**DATA SUPPLIED**
########

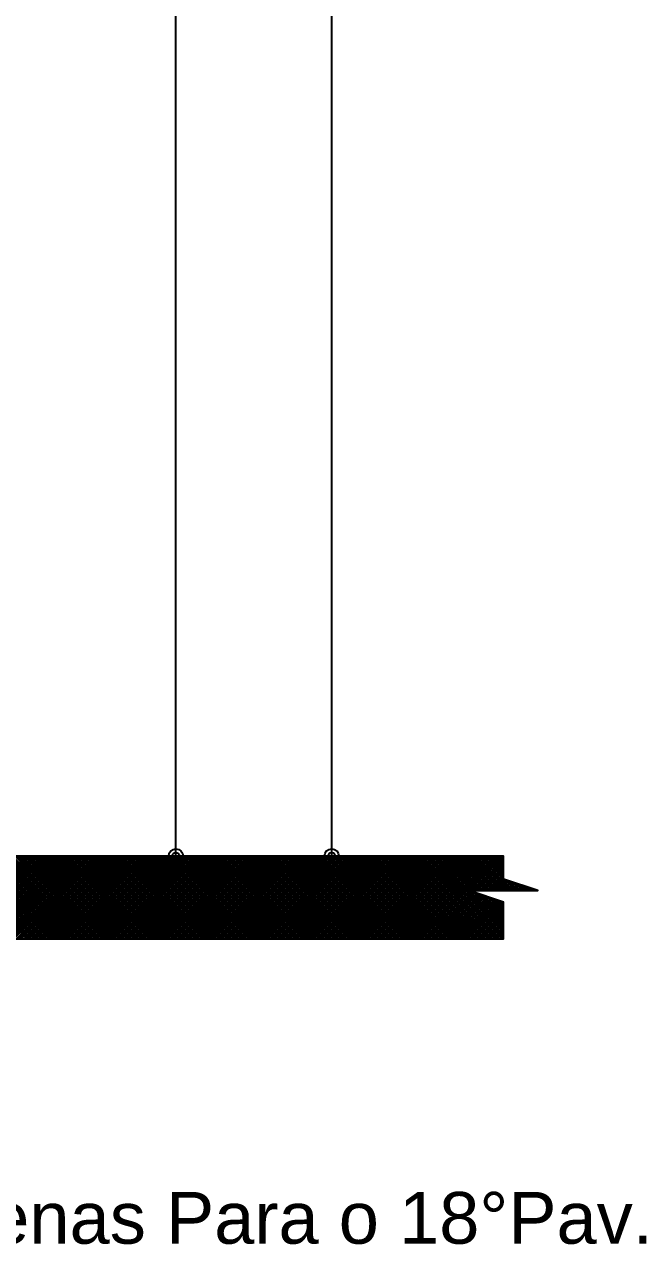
# Model space of a CAD drawing. Extents: x 0 to 119, y 0 to 84.
# Drawn here: x 55.18 to 58.78, y 30.5 to 37.66 of the extents above; entities that cross this region are included whole.
import ezdxf

# ---------------------------------------------------------------- set-up
doc = ezdxf.new("R2010")
doc.units = 0
doc.header["$MEASUREMENT"] = 0
for name, color, linetype in [('29', 9, 'CONTINUOUS'), ('32', 250, 'CONTINUOUS'), ('6', 178, 'CONTINUOUS'), ('7', 232, 'CONTINUOUS')]:
    doc.layers.add(name, color=color, linetype=linetype)
doc.styles.add('TQS_ARIAL', font='arial.ttf')

msp = doc.modelspace()

# ---------------------------------------------------------------- linework, layer by layer
at = {"layer": '29', "color": 9, "linetype": 'Continuous'}
for p, q in [((54.706335, 32.361761), (55.186335, 32.841761)), ((54.712201, 32.841761), (55.192201, 32.361761)), ((54.720477, 32.361761), (55.200477, 32.841761)), ((54.726343, 32.841761), (55.206343, 32.361761)), ((54.734619, 32.361761), (55.214619, 32.841761)), ((54.740485, 32.841761), (55.220485, 32.361761)), ((54.748761, 32.361761), (55.228761, 32.841761)), ((54.754628, 32.841761), (55.234628, 32.361761)), ((54.762903, 32.361761), (55.242903, 32.841761)), ((54.76877, 32.841761), (55.24877, 32.361761)), ((54.777045, 32.361761), (55.257045, 32.841761)), ((54.782912, 32.841761), (55.262912, 32.361761)), ((54.791188, 32.361761), (55.271188, 32.841761)), ((54.797054, 32.841761), (55.277054, 32.361761)), ((54.80533, 32.361761), (55.28533, 32.841761)), ((54.811196, 32.841761), (55.291196, 32.361761)), ((54.819472, 32.361761), (55.299472, 32.841761)), ((54.825338, 32.841761), (55.305338, 32.361761)), ((54.833614, 32.361761), (55.313614, 32.841761)), ((54.83948, 32.841761), (55.31948, 32.361761)), ((54.847756, 32.361761), (55.327756, 32.841761)), ((54.853622, 32.841761), (55.333622, 32.361761)), ((54.861898, 32.361761), (55.341898, 32.841761)), ((54.867765, 32.841761), (55.347765, 32.361761)), ((54.87604, 32.361761), (55.35604, 32.841761)), ((54.881907, 32.841761), (55.361907, 32.361761)), ((54.890183, 32.361761), (55.370183, 32.841761)), ((54.896049, 32.841761), (55.376049, 32.361761)), ((54.904325, 32.361761), (55.384325, 32.841761)), ((54.910191, 32.841761), (55.390191, 32.361761)), ((54.918467, 32.361761), (55.398467, 32.841761)), ((54.924333, 32.841761), (55.404333, 32.361761)), ((54.932609, 32.361761), (55.412609, 32.841761)), ((54.938475, 32.841761), (55.418475, 32.361761)), ((54.946751, 32.361761), (55.426751, 32.841761)), ((54.952617, 32.841761), (55.432617, 32.361761)), ((54.960893, 32.361761), (55.440893, 32.841761)), ((54.96676, 32.841761), (55.44676, 32.361761)), ((54.975035, 32.361761), (55.455035, 32.841761)), ((54.980902, 32.841761), (55.460902, 32.361761)), ((54.989178, 32.361761), (55.469178, 32.841761)), ((54.995044, 32.841761), (55.475044, 32.361761)), ((55.00332, 32.361761), (55.48332, 32.841761)), ((55.009186, 32.841761), (55.489186, 32.361761)), ((55.017462, 32.361761), (55.497462, 32.841761)), ((55.023328, 32.841761), (55.503328, 32.361761)), ((55.031604, 32.361761), (55.511604, 32.841761)), ((55.03747, 32.841761), (55.51747, 32.361761)), ((55.045746, 32.361761), (55.525746, 32.841761)), ((55.051612, 32.841761), (55.531612, 32.361761)), ((55.059888, 32.361761), (55.539888, 32.841761)), ((55.065755, 32.841761), (55.545755, 32.361761)), ((55.07403, 32.361761), (55.55403, 32.841761)), ((55.079897, 32.841761), (55.559897, 32.361761)), ((55.088172, 32.361761), (55.568172, 32.841761)), ((55.094039, 32.841761), (55.574039, 32.361761)), ((55.102315, 32.361761), (55.582315, 32.841761)), ((55.108181, 32.841761), (55.588181, 32.361761)), ((55.116457, 32.361761), (55.596457, 32.841761)), ((55.122323, 32.841761), (55.602323, 32.361761)), ((55.130599, 32.361761), (55.610599, 32.841761)), ((55.136465, 32.841761), (55.616465, 32.361761)), ((55.144741, 32.361761), (55.624741, 32.841761)), ((55.150607, 32.841761), (55.630607, 32.361761)), ((55.158883, 32.361761), (55.638883, 32.841761)), ((55.164749, 32.841761), (55.644749, 32.361761)), ((55.173025, 32.361761), (55.653025, 32.841761)), ((55.178892, 32.841761), (55.658892, 32.361761)), ((55.187167, 32.361761), (55.667167, 32.841761)), ((55.193034, 32.841761), (55.673034, 32.361761)), ((55.20131, 32.361761), (55.68131, 32.841761)), ((55.207176, 32.841761), (55.687176, 32.361761)), ((55.215452, 32.361761), (55.695452, 32.841761)), ((55.221318, 32.841761), (55.701318, 32.361761)), ((55.229594, 32.361761), (55.709594, 32.841761)), ((55.23546, 32.841761), (55.71546, 32.361761)), ((55.243736, 32.361761), (55.723736, 32.841761)), ((55.249602, 32.841761), (55.729602, 32.361761)), ((55.257878, 32.361761), (55.737878, 32.841761)), ((55.263744, 32.841761), (55.743744, 32.361761)), ((55.27202, 32.361761), (55.75202, 32.841761)), ((55.277887, 32.841761), (55.757887, 32.361761)), ((55.286162, 32.361761), (55.766162, 32.841761)), ((55.292029, 32.841761), (55.772029, 32.361761)), ((55.300305, 32.361761), (55.780305, 32.841761)), ((55.306171, 32.841761), (55.786171, 32.361761)), ((55.314447, 32.361761), (55.794447, 32.841761)), ((55.320313, 32.841761), (55.800313, 32.361761)), ((55.328589, 32.361761), (55.808589, 32.841761)), ((55.334455, 32.841761), (55.814455, 32.361761)), ((55.342731, 32.361761), (55.822731, 32.841761)), ((55.348597, 32.841761), (55.828597, 32.361761)), ((55.356873, 32.361761), (55.836873, 32.841761)), ((55.362739, 32.841761), (55.842739, 32.361761)), ((55.371015, 32.361761), (55.851015, 32.841761)), ((55.376881, 32.841761), (55.856881, 32.361761)), ((55.385157, 32.361761), (55.865157, 32.841761)), ((55.391024, 32.841761), (55.871024, 32.361761)), ((55.399299, 32.361761), (55.879299, 32.841761)), ((55.405166, 32.841761), (55.885166, 32.361761)), ((55.413442, 32.361761), (55.893442, 32.841761)), ((55.419308, 32.841761), (55.899308, 32.361761)), ((55.427584, 32.361761), (55.907584, 32.841761)), ((55.43345, 32.841761), (55.91345, 32.361761)), ((55.441726, 32.361761), (55.921726, 32.841761)), ((55.447592, 32.841761), (55.927592, 32.361761)), ((55.455868, 32.361761), (55.935868, 32.841761)), ((55.461734, 32.841761), (55.941734, 32.361761)), ((55.47001, 32.361761), (55.95001, 32.841761)), ((55.475876, 32.841761), (55.955876, 32.361761)), ((55.484152, 32.361761), (55.964152, 32.841761)), ((55.490019, 32.841761), (55.970019, 32.361761)), ((55.498294, 32.361761), (55.978294, 32.841761)), ((55.504161, 32.841761), (55.984161, 32.361761)), ((55.512437, 32.361761), (55.992437, 32.841761)), ((55.518303, 32.841761), (55.998303, 32.361761)), ((55.526579, 32.361761), (56.006579, 32.841761)), ((55.532445, 32.841761), (56.012445, 32.361761)), ((55.540721, 32.361761), (56.020721, 32.841761)), ((55.546587, 32.841761), (56.026587, 32.361761)), ((55.554863, 32.361761), (56.034863, 32.841761)), ((55.560729, 32.841761), (56.040729, 32.361761)), ((55.569005, 32.361761), (56.049005, 32.841761)), ((55.574871, 32.841761), (56.054871, 32.361761)), ((55.583147, 32.361761), (56.063147, 32.841761)), ((55.589014, 32.841761), (56.069014, 32.361761)), ((55.597289, 32.361761), (56.077289, 32.841761)), ((55.603156, 32.841761), (56.083156, 32.361761)), ((55.611431, 32.361761), (56.091431, 32.841761)), ((55.617298, 32.841761), (56.097298, 32.361761)), ((55.625574, 32.361761), (56.105574, 32.841761)), ((55.63144, 32.841761), (56.11144, 32.361761)), ((55.639716, 32.361761), (56.119716, 32.841761)), ((55.645582, 32.841761), (56.125582, 32.361761)), ((55.653858, 32.361761), (56.133858, 32.841761)), ((55.659724, 32.841761), (56.139724, 32.361761)), ((55.668, 32.361761), (56.148, 32.841761)), ((55.673866, 32.841761), (56.153866, 32.361761)), ((55.682142, 32.361761), (56.162142, 32.841761)), ((55.688008, 32.841761), (56.168008, 32.361761)), ((55.696284, 32.361761), (56.176284, 32.841761)), ((55.702151, 32.841761), (56.182151, 32.361761)), ((55.710426, 32.361761), (56.190426, 32.841761)), ((55.716293, 32.841761), (56.196293, 32.361761)), ((55.724569, 32.361761), (56.204569, 32.841761)), ((55.730435, 32.841761), (56.210435, 32.361761)), ((55.738711, 32.361761), (56.218711, 32.841761)), ((55.744577, 32.841761), (56.224577, 32.361761)), ((55.752853, 32.361761), (56.232853, 32.841761)), ((55.758719, 32.841761), (56.238719, 32.361761)), ((55.766995, 32.361761), (56.246995, 32.841761)), ((55.772861, 32.841761), (56.252861, 32.361761)), ((55.781137, 32.361761), (56.261137, 32.841761)), ((55.787003, 32.841761), (56.267003, 32.361761)), ((55.795279, 32.361761), (56.275279, 32.841761)), ((55.801146, 32.841761), (56.281146, 32.361761)), ((55.809421, 32.361761), (56.289421, 32.841761)), ((55.815288, 32.841761), (56.295288, 32.361761)), ((55.823564, 32.361761), (56.303564, 32.841761)), ((55.82943, 32.841761), (56.30943, 32.361761)), ((55.837706, 32.361761), (56.317706, 32.841761)), ((55.843572, 32.841761), (56.323572, 32.361761)), ((55.851848, 32.361761), (56.331848, 32.841761)), ((55.857714, 32.841761), (56.337714, 32.361761)), ((55.86599, 32.361761), (56.34599, 32.841761)), ((55.871856, 32.841761), (56.351856, 32.361761)), ((55.880132, 32.361761), (56.360132, 32.841761)), ((55.885998, 32.841761), (56.365998, 32.361761)), ((55.894274, 32.361761), (56.374274, 32.841761)), ((55.900141, 32.841761), (56.380141, 32.361761)), ((55.908416, 32.361761), (56.388416, 32.841761)), ((55.914283, 32.841761), (56.394283, 32.361761)), ((55.922558, 32.361761), (56.402558, 32.841761)), ((55.928425, 32.841761), (56.408425, 32.361761)), ((55.936701, 32.361761), (56.416701, 32.841761)), ((55.942567, 32.841761), (56.422567, 32.361761)), ((55.950843, 32.361761), (56.430843, 32.841761)), ((55.956709, 32.841761), (56.436709, 32.361761)), ((55.964985, 32.361761), (56.444985, 32.841761)), ((55.970851, 32.841761), (56.450851, 32.361761)), ((55.979127, 32.361761), (56.459127, 32.841761)), ((55.984993, 32.841761), (56.464993, 32.361761)), ((55.993269, 32.361761), (56.473269, 32.841761)), ((55.999135, 32.841761), (56.479135, 32.361761)), ((56.007411, 32.361761), (56.487411, 32.841761)), ((56.013278, 32.841761), (56.493278, 32.361761)), ((56.021553, 32.361761), (56.501553, 32.841761)), ((56.02742, 32.841761), (56.50742, 32.361761)), ((56.035696, 32.361761), (56.515696, 32.841761)), ((56.041562, 32.841761), (56.521562, 32.361761)), ((56.049838, 32.361761), (56.529838, 32.841761)), ((56.055704, 32.841761), (56.535704, 32.361761)), ((56.06398, 32.361761), (56.54398, 32.841761)), ((56.069846, 32.841761), (56.549846, 32.361761)), ((56.078122, 32.361761), (56.558122, 32.841761)), ((56.083988, 32.841761), (56.563988, 32.361761)), ((56.092264, 32.361761), (56.572264, 32.841761)), ((56.09813, 32.841761), (56.57813, 32.361761)), ((56.106406, 32.361761), (56.586406, 32.841761)), ((56.112273, 32.841761), (56.592273, 32.361761)), ((56.120548, 32.361761), (56.600548, 32.841761)), ((56.126415, 32.841761), (56.606415, 32.361761)), ((56.134691, 32.361761), (56.614691, 32.841761)), ((56.140557, 32.841761), (56.620557, 32.361761)), ((56.148833, 32.361761), (56.628833, 32.841761)), ((56.154699, 32.841761), (56.634699, 32.361761)), ((56.162975, 32.361761), (56.642975, 32.841761)), ((56.168841, 32.841761), (56.648841, 32.361761)), ((56.177117, 32.361761), (56.657117, 32.841761)), ((56.182983, 32.841761), (56.662983, 32.361761)), ((56.191259, 32.361761), (56.671259, 32.841761)), ((56.197125, 32.841761), (56.677125, 32.361761)), ((56.205401, 32.361761), (56.685401, 32.841761)), ((56.211268, 32.841761), (56.691268, 32.361761)), ((56.219543, 32.361761), (56.699543, 32.841761)), ((56.22541, 32.841761), (56.70541, 32.361761)), ((56.233685, 32.361761), (56.713685, 32.841761)), ((56.239552, 32.841761), (56.719552, 32.361761)), ((56.247828, 32.361761), (56.727828, 32.841761)), ((56.253694, 32.841761), (56.733694, 32.361761)), ((56.26197, 32.361761), (56.74197, 32.841761)), ((56.267836, 32.841761), (56.747836, 32.361761)), ((56.276112, 32.361761), (56.756112, 32.841761)), ((56.281978, 32.841761), (56.761978, 32.361761)), ((56.290254, 32.361761), (56.770254, 32.841761)), ((56.29612, 32.841761), (56.77612, 32.361761)), ((56.304396, 32.361761), (56.784396, 32.841761)), ((56.310262, 32.841761), (56.790262, 32.361761)), ((56.318538, 32.361761), (56.798538, 32.841761)), ((56.324405, 32.841761), (56.804405, 32.361761)), ((56.33268, 32.361761), (56.81268, 32.841761)), ((56.338547, 32.841761), (56.818547, 32.361761)), ((56.346823, 32.361761), (56.826823, 32.841761)), ((56.352689, 32.841761), (56.832689, 32.361761)), ((56.360965, 32.361761), (56.840965, 32.841761)), ((56.366831, 32.841761), (56.846831, 32.361761)), ((56.375107, 32.361761), (56.855107, 32.841761)), ((56.380973, 32.841761), (56.860973, 32.361761)), ((56.389249, 32.361761), (56.869249, 32.841761)), ((56.395115, 32.841761), (56.875115, 32.361761)), ((56.403391, 32.361761), (56.883391, 32.841761)), ((56.409257, 32.841761), (56.889257, 32.361761)), ((56.417533, 32.361761), (56.897533, 32.841761)), ((56.4234, 32.841761), (56.9034, 32.361761)), ((56.431675, 32.361761), (56.911675, 32.841761)), ((56.437542, 32.841761), (56.917542, 32.361761)), ((56.445817, 32.361761), (56.925817, 32.841761)), ((56.451684, 32.841761), (56.931684, 32.361761)), ((56.45996, 32.361761), (56.93996, 32.841761)), ((56.465826, 32.841761), (56.945826, 32.361761)), ((56.474102, 32.361761), (56.954102, 32.841761)), ((56.479968, 32.841761), (56.959968, 32.361761)), ((56.488244, 32.361761), (56.968244, 32.841761)), ((56.49411, 32.841761), (56.97411, 32.361761)), ((56.502386, 32.361761), (56.982386, 32.841761)), ((56.508252, 32.841761), (56.988252, 32.361761)), ((56.516528, 32.361761), (56.996528, 32.841761)), ((56.522394, 32.841761), (57.002394, 32.361761)), ((56.53067, 32.361761), (57.01067, 32.841761)), ((56.536537, 32.841761), (57.016537, 32.361761)), ((56.544812, 32.361761), (57.024812, 32.841761)), ((56.550679, 32.841761), (57.030679, 32.361761)), ((56.558955, 32.361761), (57.038955, 32.841761)), ((56.564821, 32.841761), (57.044821, 32.361761)), ((56.573097, 32.361761), (57.053097, 32.841761)), ((56.578963, 32.841761), (57.058963, 32.361761)), ((56.587239, 32.361761), (57.067239, 32.841761)), ((56.593105, 32.841761), (57.073105, 32.361761)), ((56.601381, 32.361761), (57.081381, 32.841761)), ((56.607247, 32.841761), (57.087247, 32.361761)), ((56.615523, 32.361761), (57.095523, 32.841761)), ((56.621389, 32.841761), (57.101389, 32.361761)), ((56.629665, 32.361761), (57.109665, 32.841761)), ((56.635532, 32.841761), (57.115532, 32.361761)), ((56.643807, 32.361761), (57.123807, 32.841761)), ((56.649674, 32.841761), (57.129674, 32.361761)), ((56.65795, 32.361761), (57.13795, 32.841761)), ((56.663816, 32.841761), (57.143816, 32.361761)), ((56.672092, 32.361761), (57.152092, 32.841761)), ((56.677958, 32.841761), (57.157958, 32.361761)), ((56.686234, 32.361761), (57.166234, 32.841761)), ((56.6921, 32.841761), (57.1721, 32.361761)), ((56.700376, 32.361761), (57.180376, 32.841761)), ((56.706242, 32.841761), (57.186242, 32.361761)), ((56.714518, 32.361761), (57.194518, 32.841761)), ((56.720384, 32.841761), (57.200384, 32.361761)), ((56.72866, 32.361761), (57.20866, 32.841761)), ((56.734527, 32.841761), (57.214527, 32.361761)), ((56.742802, 32.361761), (57.222802, 32.841761)), ((56.748669, 32.841761), (57.228669, 32.361761)), ((56.756944, 32.361761), (57.236944, 32.841761)), ((56.762811, 32.841761), (57.242811, 32.361761)), ((56.771087, 32.361761), (57.251087, 32.841761)), ((56.776953, 32.841761), (57.256953, 32.361761)), ((56.785229, 32.361761), (57.265229, 32.841761)), ((56.791095, 32.841761), (57.271095, 32.361761)), ((56.799371, 32.361761), (57.279371, 32.841761)), ((56.805237, 32.841761), (57.285237, 32.361761)), ((56.813513, 32.361761), (57.293513, 32.841761)), ((56.819379, 32.841761), (57.299379, 32.361761)), ((56.827655, 32.361761), (57.307655, 32.841761)), ((56.833521, 32.841761), (57.313521, 32.361761)), ((56.841797, 32.361761), (57.321797, 32.841761)), ((56.847664, 32.841761), (57.327664, 32.361761)), ((56.855939, 32.361761), (57.335939, 32.841761)), ((56.861806, 32.841761), (57.341806, 32.361761)), ((56.870082, 32.361761), (57.350082, 32.841761)), ((56.875948, 32.841761), (57.355948, 32.361761)), ((56.884224, 32.361761), (57.364224, 32.841761)), ((56.89009, 32.841761), (57.37009, 32.361761)), ((56.898366, 32.361761), (57.378366, 32.841761)), ((56.904232, 32.841761), (57.384232, 32.361761)), ((56.912508, 32.361761), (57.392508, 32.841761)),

########

**WHAT THE EXERCISE ASKS**
Copy out each line in the listing that has the word "name".

**EXERCISE ANSWER**
for name, color, linetype in [('29', 9, 'CONTINUOUS'), ('32', 250, 'CONTINUOUS'), ('6', 178, 'CONTINUOUS'), ('7', 232, 'CONTINUOUS')]:
    doc.layers.add(name, color=color, linetype=linetype)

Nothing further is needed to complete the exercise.